Collection and extraction of medicinal plant material

The raw material of medicinal plants such as, Tectona grandis, Shilajit and Valeriana wallachi were collected from different regions of India. Voucher specimens deposited at Institute of Bioengineering and Biological Sciences, Varanasi, India for future reference.

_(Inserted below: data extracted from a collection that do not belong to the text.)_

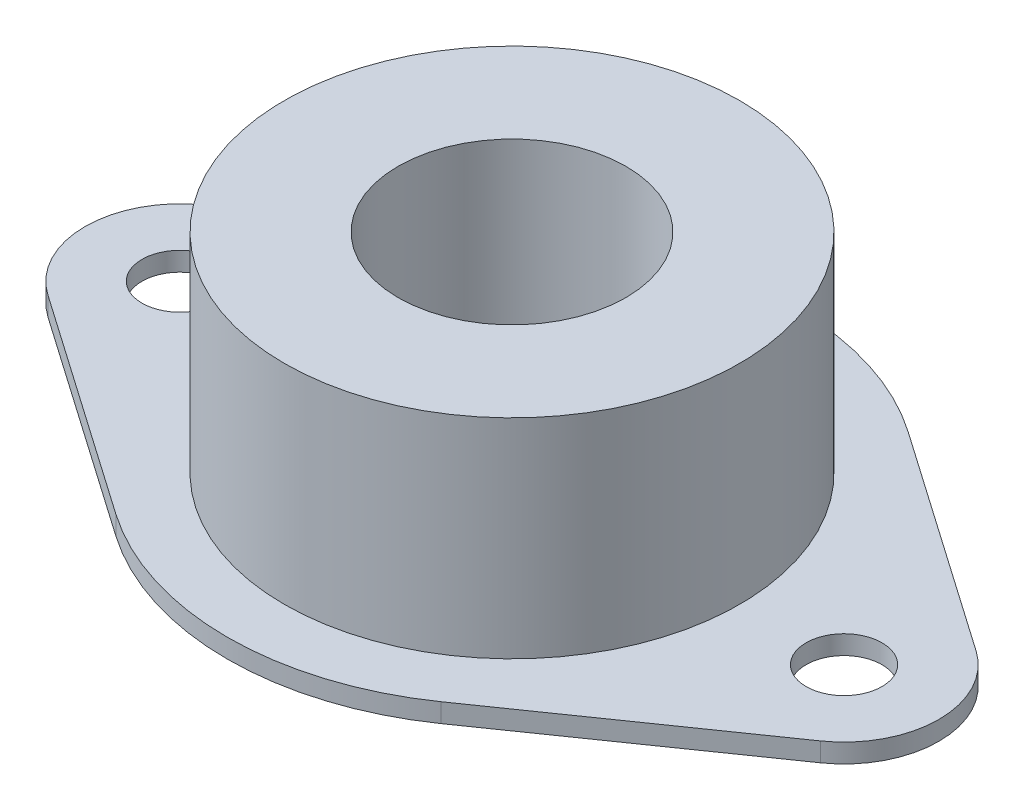
ISO-10303-21;
HEADER;
FILE_DESCRIPTION(('STEP AP214'),'2;1');
FILE_NAME('part.step','',(''),(''),'','','');
FILE_SCHEMA(('AUTOMOTIVE_DESIGN { 1 0 10303 214 1 1 1 1 }'));
ENDSEC;
DATA;
#1=APPLICATION_CONTEXT('core data for automotive mechanical design processes');
#2=APPLICATION_PROTOCOL_DEFINITION('international standard','automotive_design',2000,#1);
#3=PRODUCT_CONTEXT('',#1,'mechanical');
#4=PRODUCT('Part','Part','',(#3));
#5=PRODUCT_RELATED_PRODUCT_CATEGORY('part','',(#4));
#6=PRODUCT_DEFINITION_FORMATION('','',#4);
#7=PRODUCT_DEFINITION_CONTEXT('part definition',#1,'design');
#8=PRODUCT_DEFINITION('design','',#6,#7);
#9=PRODUCT_DEFINITION_SHAPE('','',#8);
#10=(LENGTH_UNIT() NAMED_UNIT(*) SI_UNIT(.MILLI.,.METRE.));
#11=(NAMED_UNIT(*) PLANE_ANGLE_UNIT() SI_UNIT($,.RADIAN.));
#12=(NAMED_UNIT(*) SI_UNIT($,.STERADIAN.) SOLID_ANGLE_UNIT());
#13=UNCERTAINTY_MEASURE_WITH_UNIT(LENGTH_MEASURE(1.E-05),#10,'distance_accuracy_value','');
#14=(GEOMETRIC_REPRESENTATION_CONTEXT(3) GLOBAL_UNCERTAINTY_ASSIGNED_CONTEXT((#13)) GLOBAL_UNIT_ASSIGNED_CONTEXT((#10,
#11,#12)) REPRESENTATION_CONTEXT('',''));
#15=CARTESIAN_POINT('',(0.,0.,0.));
#16=DIRECTION('',(0.,0.,1.));
#17=DIRECTION('',(1.,0.,0.));
#18=AXIS2_PLACEMENT_3D('',#15,#16,#17);
#19=CARTESIAN_POINT('',(-17.5,1.,0.));
#20=DIRECTION('',(0.,-1.,0.));
#21=DIRECTION('',(0.,0.,-1.));
#22=AXIS2_PLACEMENT_3D('',#19,#20,#21);
#23=CYLINDRICAL_SURFACE('',#22,2.);
#24=CARTESIAN_POINT('',(-17.5,1.,0.));
#25=DIRECTION('',(0.,1.,0.));
#26=DIRECTION('',(0.,0.,1.));
#27=AXIS2_PLACEMENT_3D('',#24,#25,#26);
#28=CIRCLE('',#27,2.);
#29=CARTESIAN_POINT('',(-17.5,1.,2.));
#30=VERTEX_POINT('',#29);
#31=EDGE_CURVE('E331',#30,#30,#28,.F.);
#32=ORIENTED_EDGE('',*,*,#31,.F.);
#33=EDGE_LOOP('',(#32));
#34=FACE_BOUND('',#33,.T.);
#35=CARTESIAN_POINT('',(-17.5,0.,0.));
#36=DIRECTION('',(0.,1.,0.));
#37=DIRECTION('',(0.,0.,1.));
#38=AXIS2_PLACEMENT_3D('',#35,#36,#37);
#39=CIRCLE('',#38,2.);
#40=CARTESIAN_POINT('',(-17.5,0.,2.));
#41=VERTEX_POINT('',#40);
#42=EDGE_CURVE('E324',#41,#41,#39,.F.);
#43=ORIENTED_EDGE('',*,*,#42,.T.);
#44=EDGE_LOOP('',(#43));
#45=FACE_BOUND('',#44,.T.);
#46=ADVANCED_FACE('F183',(#34,#45),#23,.F.);
#47=CARTESIAN_POINT('',(-17.5,1.,0.));
#48=DIRECTION('',(0.,-1.,0.));
#49=DIRECTION('',(0.,0.,-1.));
#50=AXIS2_PLACEMENT_3D('',#47,#48,#49);
#51=CYLINDRICAL_SURFACE('',#50,5.);
#52=CARTESIAN_POINT('',(-17.5,0.,0.));
#53=DIRECTION('',(0.,1.,0.));
#54=DIRECTION('',(0.,0.,1.));
#55=AXIS2_PLACEMENT_3D('',#52,#53,#54);
#56=CIRCLE('',#55,5.);
#57=CARTESIAN_POINT('',(-20.3571428571429,0.,-4.10325903324145));
#58=VERTEX_POINT('',#57);
#59=CARTESIAN_POINT('',(-20.3571428571429,0.,4.10325903324145));
#60=VERTEX_POINT('',#59);
#61=EDGE_CURVE('E322',#58,#60,#56,.T.);
#62=ORIENTED_EDGE('',*,*,#61,.T.);
#63=DIRECTION('',(0.,-1.,0.));
#64=VECTOR('',#63,1.);
#65=CARTESIAN_POINT('',(-20.3571428571429,1.,4.10325903324145));
#66=LINE('',#65,#64);
#67=CARTESIAN_POINT('',(-20.3571428571429,1.,4.10325903324145));
#68=VERTEX_POINT('',#67);
#69=EDGE_CURVE('E201',#68,#60,#66,.T.);
#70=ORIENTED_EDGE('',*,*,#69,.F.);
#71=CARTESIAN_POINT('',(-17.5,1.,0.));
#72=DIRECTION('',(0.,1.,0.));
#73=DIRECTION('',(0.,0.,1.));
#74=AXIS2_PLACEMENT_3D('',#71,#72,#73);
#75=CIRCLE('',#74,5.);
#76=CARTESIAN_POINT('',(-20.3571428571429,1.,-4.10325903324145));
#77=VERTEX_POINT('',#76);
#78=EDGE_CURVE('E260',#77,#68,#75,.T.);
#79=ORIENTED_EDGE('',*,*,#78,.F.);
#80=DIRECTION('',(0.,-1.,0.));
#81=VECTOR('',#80,1.);
#82=CARTESIAN_POINT('',(-20.3571428571429,1.,-4.10325903324145));
#83=LINE('',#82,#81);
#84=EDGE_CURVE('E227',#77,#58,#83,.T.);
#85=ORIENTED_EDGE('',*,*,#84,.T.);
#86=EDGE_LOOP('',(#62,#70,#79,#85));
#87=FACE_BOUND('',#86,.T.);
#88=ADVANCED_FACE('F373',(#87),#51,.T.);
#89=CARTESIAN_POINT('',(17.5,1.,0.));
#90=DIRECTION('',(0.,-1.,0.));
#91=DIRECTION('',(0.,0.,-1.));
#92=AXIS2_PLACEMENT_3D('',#89,#90,#91);
#93=CYLINDRICAL_SURFACE('',#92,2.);
#94=CARTESIAN_POINT('',(17.5,1.,0.));
#95=DIRECTION('',(0.,1.,0.));
#96=DIRECTION('',(0.,0.,1.));
#97=AXIS2_PLACEMENT_3D('',#94,#95,#96);
#98=CIRCLE('',#97,2.);
#99=CARTESIAN_POINT('',(17.5,1.,2.));
#100=VERTEX_POINT('',#99);
#101=EDGE_CURVE('E310',#100,#100,#98,.T.);
#102=ORIENTED_EDGE('',*,*,#101,.T.);
#103=EDGE_LOOP('',(#102));
#104=FACE_BOUND('',#103,.T.);
#105=CARTESIAN_POINT('',(17.5,0.,0.));
#106=DIRECTION('',(0.,1.,0.));
#107=DIRECTION('',(0.,0.,1.));
#108=AXIS2_PLACEMENT_3D('',#105,#106,#107);
#109=CIRCLE('',#108,2.);
#110=CARTESIAN_POINT('',(17.5,0.,2.));
#111=VERTEX_POINT('',#110);
#112=EDGE_CURVE('E327',#111,#111,#109,.T.);
#113=ORIENTED_EDGE('',*,*,#112,.F.);
#114=EDGE_LOOP('',(#113));
#115=FACE_BOUND('',#114,.T.);
#116=ADVANCED_FACE('F375',(#104,#115),#93,.F.);
#117=CARTESIAN_POINT('',(0.,0.,0.));
#118=DIRECTION('',(0.,1.,0.));
#119=DIRECTION('',(0.,0.,1.));
#120=AXIS2_PLACEMENT_3D('',#117,#118,#119);
#121=PLANE('',#120);
#122=CARTESIAN_POINT('',(17.5,0.,0.));
#123=DIRECTION('',(0.,1.,0.));
#124=DIRECTION('',(0.,0.,1.));
#125=AXIS2_PLACEMENT_3D('',#122,#123,#124);
#126=CIRCLE('',#125,5.);
#127=CARTESIAN_POINT('',(20.3571428571429,0.,4.10325903324145));
#128=VERTEX_POINT('',#127);
#129=CARTESIAN_POINT('',(20.3571428571429,0.,-4.10325903324145));
#130=VERTEX_POINT('',#129);
#131=EDGE_CURVE('E314',#128,#130,#126,.T.);
#132=ORIENTED_EDGE('',*,*,#131,.F.);
#133=DIRECTION('',(0.82065180664829,0.,-0.571428571428572));
#134=VECTOR('',#133,1.);
#135=CARTESIAN_POINT('',(8.57142857142857,0.,12.3097770997244));
#136=LINE('',#135,#134);
#137=CARTESIAN_POINT('',(8.57142857142857,0.,12.3097770997243));
#138=VERTEX_POINT('',#137);
#139=EDGE_CURVE('E304',#138,#128,#136,.T.);
#140=ORIENTED_EDGE('',*,*,#139,.F.);
#141=CARTESIAN_POINT('',(0.,0.,0.));
#142=DIRECTION('',(0.,1.,0.));
#143=DIRECTION('',(0.,0.,1.));
#144=AXIS2_PLACEMENT_3D('',#141,#142,#143);
#145=CIRCLE('',#144,15.);
#146=CARTESIAN_POINT('',(-8.57142857142857,0.,12.3097770997243));
#147=VERTEX_POINT('',#146);
#148=EDGE_CURVE('E294',#147,#138,#145,.T.);
#149=ORIENTED_EDGE('',*,*,#148,.F.);
#150=DIRECTION('',(-0.82065180664829,0.,-0.571428571428572));
#151=VECTOR('',#150,1.);
#152=CARTESIAN_POINT('',(-8.57142857142857,0.,12.3097770997244));
#153=LINE('',#152,#151);
#154=EDGE_CURVE('E302',#147,#60,#153,.T.);
#155=ORIENTED_EDGE('',*,*,#154,.T.);
#156=ORIENTED_EDGE('',*,*,#61,.F.);
#157=DIRECTION('',(-0.82065180664829,0.,0.571428571428572));
#158=VECTOR('',#157,1.);
#159=CARTESIAN_POINT('',(-8.57142857142857,0.,-12.3097770997244));
#160=LINE('',#159,#158);
#161=CARTESIAN_POINT('',(-8.57142857142857,0.,-12.3097770997243));
#162=VERTEX_POINT('',#161);
#163=EDGE_CURVE('E320',#162,#58,#160,.T.);
#164=ORIENTED_EDGE('',*,*,#163,.F.);
#165=CARTESIAN_POINT('',(8.57142857142857,0.,-12.3097770997243));
#166=VERTEX_POINT('',#165);
#167=EDGE_CURVE('E275',#166,#162,#145,.T.);
#168=ORIENTED_EDGE('',*,*,#167,.F.);
#169=DIRECTION('',(0.82065180664829,0.,0.571428571428572));
#170=VECTOR('',#169,1.);
#171=CARTESIAN_POINT('',(8.57142857142857,0.,-12.3097770997244));
#172=LINE('',#171,#170);
#173=EDGE_CURVE('E317',#166,#130,#172,.T.);
#174=ORIENTED_EDGE('',*,*,#173,.T.);
#175=EDGE_LOOP('',(#132,#140,#149,#155,#156,#164,#168,#174));
#176=FACE_BOUND('',#175,.T.);
#177=ORIENTED_EDGE('',*,*,#112,.T.);
#178=EDGE_LOOP('',(#177));
#179=FACE_BOUND('',#178,.T.);
#180=ORIENTED_EDGE('',*,*,#42,.F.);
#181=EDGE_LOOP('',(#180));
#182=FACE_BOUND('',#181,.T.);
#183=ADVANCED_FACE('F300',(#176,#179,#182),#121,.F.);
#184=CARTESIAN_POINT('',(17.5,1.,0.));
#185=DIRECTION('',(0.,-1.,0.));
#186=DIRECTION('',(0.,0.,-1.));
#187=AXIS2_PLACEMENT_3D('',#184,#185,#186);
#188=CYLINDRICAL_SURFACE('',#187,5.);
#189=ORIENTED_EDGE('',*,*,#131,.T.);
#190=DIRECTION('',(0.,-1.,0.));
#191=VECTOR('',#190,1.);
#192=CARTESIAN_POINT('',(20.3571428571429,1.,-4.10325903324145));
#193=LINE('',#192,#191);
#194=CARTESIAN_POINT('',(20.3571428571429,1.,-4.10325903324145));
#195=VERTEX_POINT('',#194);
#196=EDGE_CURVE('E278',#195,#130,#193,.T.);
#197=ORIENTED_EDGE('',*,*,#196,.F.);
#198=CARTESIAN_POINT('',(17.5,1.,0.));
#199=DIRECTION('',(0.,1.,0.));
#200=DIRECTION('',(0.,0.,1.));
#201=AXIS2_PLACEMENT_3D('',#198,#199,#200);
#202=CIRCLE('',#201,5.);
#203=CARTESIAN_POINT('',(20.3571428571429,1.,4.10325903324145));
#204=VERTEX_POINT('',#203);
#205=EDGE_CURVE('E340',#204,#195,#202,.T.);
#206=ORIENTED_EDGE('',*,*,#205,.F.);
#207=DIRECTION('',(0.,-1.,0.));
#208=VECTOR('',#207,1.);
#209=CARTESIAN_POINT('',(20.3571428571429,1.,4.10325903324145));
#210=LINE('',#209,#208);
#211=EDGE_CURVE('E284',#204,#128,#210,.T.);
#212=ORIENTED_EDGE('',*,*,#211,.T.);
#213=EDGE_LOOP('',(#189,#197,#206,#212));
#214=FACE_BOUND('',#213,.T.);
#215=ADVANCED_FACE('F367',(#214),#188,.T.);
#216=CARTESIAN_POINT('',(0.,1.,0.));
#217=DIRECTION('',(0.,1.,0.));
#218=DIRECTION('',(0.,0.,1.));
#219=AXIS2_PLACEMENT_3D('',#216,#217,#218);
#220=PLANE('',#219);
#221=CARTESIAN_POINT('',(0.,1.,0.));
#222=DIRECTION('',(0.,1.,0.));
#223=DIRECTION('',(0.,0.,1.));
#224=AXIS2_PLACEMENT_3D('',#221,#222,#223);
#225=CIRCLE('',#224,12.);
#226=CARTESIAN_POINT('',(0.,1.,12.));
#227=VERTEX_POINT('',#226);
#228=EDGE_CURVE('E187',#227,#227,#225,.F.);
#229=ORIENTED_EDGE('',*,*,#228,.T.);
#230=EDGE_LOOP('',(#229));
#231=FACE_BOUND('',#230,.T.);
#232=ORIENTED_EDGE('',*,*,#205,.T.);
#233=DIRECTION('',(0.82065180664829,0.,0.571428571428572));
#234=VECTOR('',#233,1.);
#235=CARTESIAN_POINT('',(8.57142857142857,1.,-12.3097770997244));
#236=LINE('',#235,#234);
#237=CARTESIAN_POINT('',(8.57142857142857,1.,-12.3097770997243));
#238=VERTEX_POINT('',#237);
#239=EDGE_CURVE('E269',#238,#195,#236,.T.);
#240=ORIENTED_EDGE('',*,*,#239,.F.);
#241=CARTESIAN_POINT('',(0.,1.,0.));
#242=DIRECTION('',(0.,1.,0.));
#243=DIRECTION('',(0.,0.,1.));
#244=AXIS2_PLACEMENT_3D('',#241,#242,#243);
#245=CIRCLE('',#244,15.);
#246=CARTESIAN_POINT('',(-8.57142857142857,1.,-12.3097770997243));
#247=VERTEX_POINT('',#246);
#248=EDGE_CURVE('E261',#238,#247,#245,.T.);
#249=ORIENTED_EDGE('',*,*,#248,.T.);
#250=DIRECTION('',(-0.82065180664829,0.,0.571428571428572));
#251=VECTOR('',#250,1.);
#252=CARTESIAN_POINT('',(-8.57142857142857,1.,-12.3097770997244));
#253=LINE('',#252,#251);
#254=EDGE_CURVE('E252',#247,#77,#253,.T.);
#255=ORIENTED_EDGE('',*,*,#254,.T.);
#256=ORIENTED_EDGE('',*,*,#78,.T.);
#257=DIRECTION('',(-0.82065180664829,0.,-0.571428571428572));
#258=VECTOR('',#257,1.);
#259=CARTESIAN_POINT('',(-8.57142857142857,1.,12.3097770997244));
#260=LINE('',#259,#258);
#261=CARTESIAN_POINT('',(-8.57142857142857,1.,12.3097770997243));
#262=VERTEX_POINT('',#261);
#263=EDGE_CURVE('E329',#262,#68,#260,.T.);
#264=ORIENTED_EDGE('',*,*,#263,.F.);
#265=CARTESIAN_POINT('',(8.57142857142857,1.,12.3097770997243));
#266=VERTEX_POINT('',#265);
#267=EDGE_CURVE('E272',#262,#266,#245,.T.);
#268=ORIENTED_EDGE('',*,*,#267,.T.);
#269=DIRECTION('',(0.82065180664829,0.,-0.571428571428572));
#270=VECTOR('',#269,1.);
#271=CARTESIAN_POINT('',(8.57142857142857,1.,12.3097770997244));
#272=LINE('',#271,#270);
#273=EDGE_CURVE('E342',#266,#204,#272,.T.);
#274=ORIENTED_EDGE('',*,*,#273,.T.);
#275=EDGE_LOOP('',(#232,#240,#249,#255,#256,#264,#268,#274));
#276=FACE_BOUND('',#275,.T.);
#277=ORIENTED_EDGE('',*,*,#101,.F.);
#278=EDGE_LOOP('',(#277));
#279=FACE_BOUND('',#278,.T.);
#280=ORIENTED_EDGE('',*,*,#31,.T.);
#281=EDGE_LOOP('',(#280));
#282=FACE_BOUND('',#281,.T.);
#283=ADVANCED_FACE('F266',(#231,#276,#279,#282),#220,.T.);
#284=CARTESIAN_POINT('',(-8.57142857142857,1.,12.3097770997244));
#285=DIRECTION('',(-0.571428571428571,0.,0.82065180664829));
#286=DIRECTION('',(0.82065180664829,0.,0.571428571428572));
#287=AXIS2_PLACEMENT_3D('',#284,#285,#286);
#288=PLANE('',#287);
#289=ORIENTED_EDGE('',*,*,#154,.F.);
#290=DIRECTION('',(0.,-1.,0.));
#291=VECTOR('',#290,1.);
#292=CARTESIAN_POINT('',(-8.57142857142857,1.,12.3097770997243));
#293=LINE('',#292,#291);
#294=EDGE_CURVE('E193',#262,#147,#293,.T.);
#295=ORIENTED_EDGE('',*,*,#294,.F.);
#296=ORIENTED_EDGE('',*,*,#263,.T.);
#297=ORIENTED_EDGE('',*,*,#69,.T.);
#298=EDGE_LOOP('',(#289,#295,#296,#297));
#299=FACE_BOUND('',#298,.T.);
#300=ADVANCED_FACE('F185',(#299),#288,.T.);
#301=CARTESIAN_POINT('',(0.,1.,0.));
#302=DIRECTION('',(0.,-1.,0.));
#303=DIRECTION('',(0.,0.,-1.));
#304=AXIS2_PLACEMENT_3D('',#301,#302,#303);
#305=CYLINDRICAL_SURFACE('',#304,15.);
#306=ORIENTED_EDGE('',*,*,#148,.T.);
#307=DIRECTION('',(0.,-1.,0.));
#308=VECTOR('',#307,1.);
#309=CARTESIAN_POINT('',(8.57142857142857,1.,12.3097770997243));
#310=LINE('',#309,#308);
#311=EDGE_CURVE('E286',#266,#138,#310,.T.);
#312=ORIENTED_EDGE('',*,*,#311,.F.);
#313=ORIENTED_EDGE('',*,*,#267,.F.);
#314=ORIENTED_EDGE('',*,*,#294,.T.);
#315=EDGE_LOOP('',(#306,#312,#313,#314));
#316=FACE_BOUND('',#315,.T.);
#317=ADVANCED_FACE('F292',(#316),#305,.T.);
#318=CARTESIAN_POINT('',(8.57142857142857,1.,12.3097770997244));
#319=DIRECTION('',(-0.571428571428571,0.,-0.82065180664829));
#320=DIRECTION('',(-0.82065180664829,0.,0.571428571428572));
#321=AXIS2_PLACEMENT_3D('',#318,#319,#320);
#322=PLANE('',#321);
#323=ORIENTED_EDGE('',*,*,#139,.T.);
#324=ORIENTED_EDGE('',*,*,#211,.F.);
#325=ORIENTED_EDGE('',*,*,#273,.F.);
#326=ORIENTED_EDGE('',*,*,#311,.T.);
#327=EDGE_LOOP('',(#323,#324,#325,#326));
#328=FACE_BOUND('',#327,.T.);
#329=ADVANCED_FACE('F394',(#328),#322,.F.);
#330=CARTESIAN_POINT('',(8.57142857142857,1.,-12.3097770997244));
#331=DIRECTION('',(0.571428571428571,0.,-0.82065180664829));
#332=DIRECTION('',(-0.82065180664829,0.,-0.571428571428572));
#333=AXIS2_PLACEMENT_3D('',#330,#331,#332);
#334=PLANE('',#333);
#335=ORIENTED_EDGE('',*,*,#173,.F.);
#336=DIRECTION('',(0.,-1.,0.));
#337=VECTOR('',#336,1.);
#338=CARTESIAN_POINT('',(8.57142857142857,1.,-12.3097770997243));
#339=LINE('',#338,#337);
#340=EDGE_CURVE('E276',#238,#166,#339,.T.);
#341=ORIENTED_EDGE('',*,*,#340,.F.);
#342=ORIENTED_EDGE('',*,*,#239,.T.);
#343=ORIENTED_EDGE('',*,*,#196,.T.);
#344=EDGE_LOOP('',(#335,#341,#342,#343));
#345=FACE_BOUND('',#344,.T.);
#346=ADVANCED_FACE('F392',(#345),#334,.T.);
#347=ORIENTED_EDGE('',*,*,#167,.T.);
#348=DIRECTION('',(0.,-1.,0.));
#349=VECTOR('',#348,1.);
#350=CARTESIAN_POINT('',(-8.57142857142857,1.,-12.3097770997243));
#351=LINE('',#350,#349);
#352=EDGE_CURVE('E257',#247,#162,#351,.T.);
#353=ORIENTED_EDGE('',*,*,#352,.F.);
#354=ORIENTED_EDGE('',*,*,#248,.F.);
#355=ORIENTED_EDGE('',*,*,#340,.T.);
#356=EDGE_LOOP('',(#347,#353,#354,#355));
#357=FACE_BOUND('',#356,.T.);
#358=ADVANCED_FACE('F273',(#357),#305,.T.);
#359=CARTESIAN_POINT('',(-8.57142857142857,1.,-12.3097770997244));
#360=DIRECTION('',(0.571428571428571,0.,0.82065180664829));
#361=DIRECTION('',(0.82065180664829,0.,-0.571428571428572));
#362=AXIS2_PLACEMENT_3D('',#359,#360,#361);
#363=PLANE('',#362);
#364=ORIENTED_EDGE('',*,*,#163,.T.);
#365=ORIENTED_EDGE('',*,*,#84,.F.);
#366=ORIENTED_EDGE('',*,*,#254,.F.);
#367=ORIENTED_EDGE('',*,*,#352,.T.);
#368=EDGE_LOOP('',(#364,#365,#366,#367));
#369=FACE_BOUND('',#368,.T.);
#370=ADVANCED_FACE('F255',(#369),#363,.F.);
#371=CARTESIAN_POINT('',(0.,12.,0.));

The dried powdered of plant materials (roots and aerial parts) were extracted separately with methanol: sterile water (1:1) using soxhlet apparatus for 48 hrs. The solvent was distilled off at lower temperature under reduced pressure in rotory flash evaporator and concentrated on water bath to get the crude extract which is stored in dessicator for future use.

Antifungal activity

Three different medicinal crude extract which showed in vitro antifungal activity against some plant pathogens such as Alternaria cajani, Helminthosporium sp., Bipolaris sp., Curvularia lunata and Fusarium sp., were used in the present experiment. Test fungi were isolated on potato dextrose agar (PDA) (peeled potato 250 g, dextrose 20 g, agar 15 g, distilled water 1 L) medium from their respective hosts collected from experimental farm of Banaras Hindu University, Varanasi, India. The cultures were further purified by single spore isolation technique and maintained at 25±2 °C on PDA slants. 7-10 days old culture were used in the experiment.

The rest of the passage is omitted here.